Previous name was: Triangle generated from finite differences of A130461.

Decomposition of the permutations.

From Liam Solus, Aug 23 2018: (Start)

For k>0, T(n,k) equals the number of permutations p of [n] such that the largest index i for which p(i)>p(i+1) is k; i.e., T(n,k) is the number of permutations of [n] with maximum descent being k. See Lemma 3.4 of the paper by L. Solus below.

When T(n,k) is taken as the weight of coordinate x_k for k = 0,...,n-1 in an (n-1)-dimensional weighted projective space, the result is the toric variety defined by an n-dimensional simplex whose Ehrhart h^*-polynomial is the n-th Eulerian polynomial. See Theorem 3.5 of the paper by L. Solus below.

(End)

LINKS

Table of n, a(n) for n=0..65.

L. Solus, Simplices for numeral systems, Transactions of the American Mathematical Society. DOI: https://doi.org/10.1090/tran/7424 (2017).

FORMULA

Each term in n-th row divides n!.

Given triangle A130461 and deleting the left border (1,1,1,...) take finite differences by columns and reorient into rows.

T(n,k) = (n-k+1+0^k)*((n+1)!/(n-k+2)!) - Olivier Gérard, Aug 04 2012

EXAMPLE

First few rows of the triangle A130461 = (1; 1, 1; 1, 1, 1; 1, 1, 2, 1; 1, 1, 2, 3, 1; 1, 1, 2, 6, 4, 1;...).

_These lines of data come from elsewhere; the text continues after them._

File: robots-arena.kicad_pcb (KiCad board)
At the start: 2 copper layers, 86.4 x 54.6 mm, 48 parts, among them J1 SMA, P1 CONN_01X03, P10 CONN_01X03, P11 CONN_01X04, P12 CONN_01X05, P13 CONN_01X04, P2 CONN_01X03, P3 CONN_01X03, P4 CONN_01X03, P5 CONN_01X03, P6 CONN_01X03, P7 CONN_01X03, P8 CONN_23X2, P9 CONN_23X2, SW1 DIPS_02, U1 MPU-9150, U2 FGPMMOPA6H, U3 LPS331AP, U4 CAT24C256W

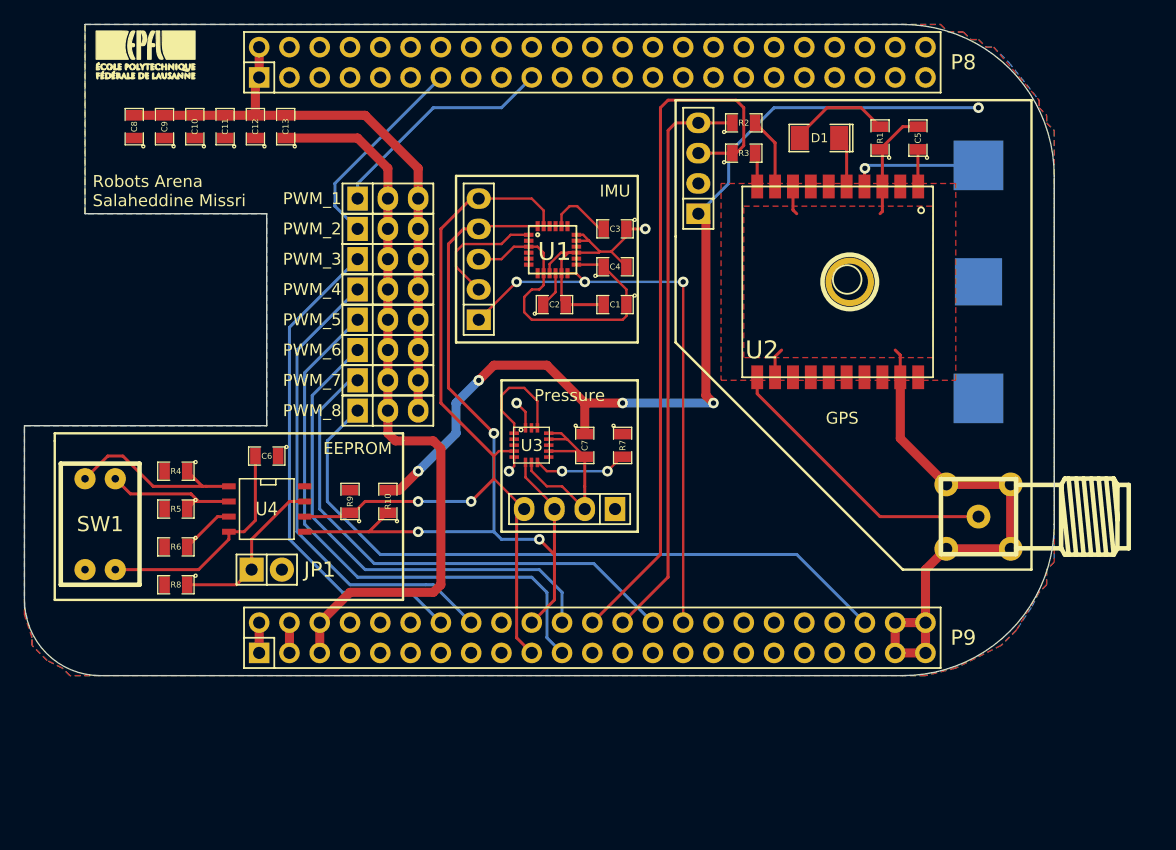
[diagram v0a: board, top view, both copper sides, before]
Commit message: .sch done, .net done, components on PCB done
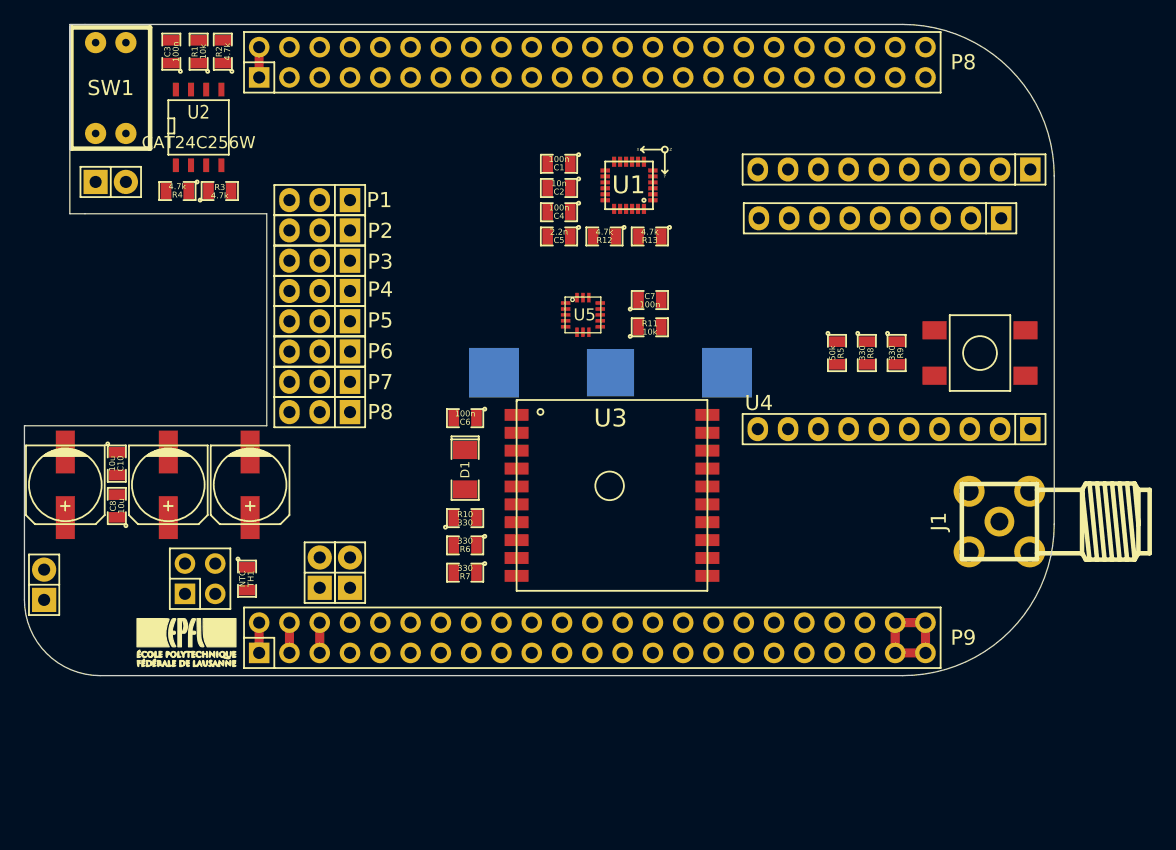
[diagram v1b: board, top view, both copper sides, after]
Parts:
- removed 1PIN: P***, Connect:1pin
- removed C13: 470u, SMD_Packages:SMD-0805
- removed the G*** at (172.7, 108.6)
- removed P10: CONN_01X03, Pin_Headers:Pin_Header_Straight_1x03
- added JP2: JUMPER, Pin_Headers:Pin_Header_Straight_1x02, F.Cu at (127.0, 113.3)
- added JP3: JUMPER, Pin_Headers:Pin_Header_Straight_1x02, F.Cu at (129.5, 113.3)
- added P8: CONN_PWM, Pin_Headers:Pin_Header_Straight_1x03, F.Cu at (127.0, 99.8)
- added R11: 10k, SMD_Packages:SMD-0805, F.Cu at (154.7, 92.7)
- added R12: 4.7k, SMD_Packages:SMD-0805, F.Cu at (150.9, 85.1)
- added R13: 4.7k, SMD_Packages:SMD-0805, F.Cu at (154.7, 85.1)
- added SW2: SW_PUSH, RA_connectors:SW_PUSH_SMD, F.Cu at (182.4, 94.2)
- added TH1: NTC, SMD_Packages:SMD-0805, F.Cu at (120.9, 113.8)
- added U5: LPS331AP, RA_sensors:LPS331AP, F.Cu at (147.6, 90.2)
- BT1: footprint RobotsArena:BK-885 -> RA_connectors:BK-885
- C1: value 10n -> 100n
- C11, C12, C9: value 10u -> 470u; footprint SMD_Packages:SMD-0805 -> Capacitors_SMD:c_elec_6.3x7.7
- C2: value 100n -> 10n
- C3: value 2.2n -> 100n
- C5: value 100n -> 2.2n
- J1: footprint RobotsArena:SMA -> RA_connectors:SMA-CONN
- P1, P2, P3, P4, P5, P6, P7: value CONN_01X03 -> CONN_PWM
- P11: value CONN_01X04 -> CONN_01X09; footprint Pin_Headers:Pin_Header_Straight_1x04 -> Pin_Headers:Pin_Header_Straight_1x09
- P12: value CONN_01X05 -> CONN_02X02; footprint Pin_Headers:Pin_Header_Straight_1x05 -> Pin_Headers:Pin_Header_Straight_2x02
- P13: value CONN_01X04 -> JST_2; footprint Pin_Headers:Pin_Header_Straight_1x04 -> Pin_Headers:Pin_Header_Straight_1x02
- R1: value 330 -> 10k
- R10, R6, R9: value 4.7k -> 330
- R2, R3: value 330 -> 4.7k
- R5: value 4.7k -> 50k
- R7, R8: value 10k -> 330
- SW1: value DIPS_02 -> DIPSW_02; footprint RobotsArena:DIPS-DS02 -> RA_connectors:DIPS-DS02
- U1: footprint RobotsArena:MPU-9150 -> RA_sensors:MPU-9150
- U2: value FGPMMOPA6H -> CAT24C256W; footprint RobotsArena:10011-FGPMMOPA6H -> SMD_Packages:SOIC-8-N
- U3: value LPS331AP -> MTK339; footprint RobotsArena:LPS331AP -> RA_sensors:FGPMMOPA6H
- U4: value CAT24C256W -> XBee_Header; footprint SMD_Packages:SOIC-8-N -> RA_connectors:XBEE-HEADER
- moved U2 61.8 mm to (116.8, 75.9), turned to 0 degrees
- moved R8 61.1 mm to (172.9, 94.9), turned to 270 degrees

Deleting the left border and taking finite differences at the top of each remaining column, we get the first few rows of this triangle:

1;

1, 1;

1, 2,  3;

1, 3,  8,  12;

1, 4, 15,  40,  60;

1, 5, 24,  90, 240,  360;

1, 6, 35, 168, 630, 1680, 2520;

...

MAPLE

T := (n, k) -> (n-k+1+0^k)*((n+1)!/(n-k+2)!):

seq(seq(T(n, k), k=0..n), n=0..10); # Peter Luschny, Sep 17 2018

MATHEMATICA

Flatten[Table[Table[(n - k + 1 + 0^k)*(n + 1)!/(n - k + 2)!, {k, 0, n}], {n, 0, 10}], 1] (* Olivier Gérard, Aug 04 2012 *)

PROG

(PARI) {T(n, k) = if( n<1 || k>n, 0, k==1, 1, n! * (n+1-k) / (n+2-k)!)}; /* Michael Somos, Jun 25 2017 */

CROSSREFS

The triangle with each row reversed is A092582.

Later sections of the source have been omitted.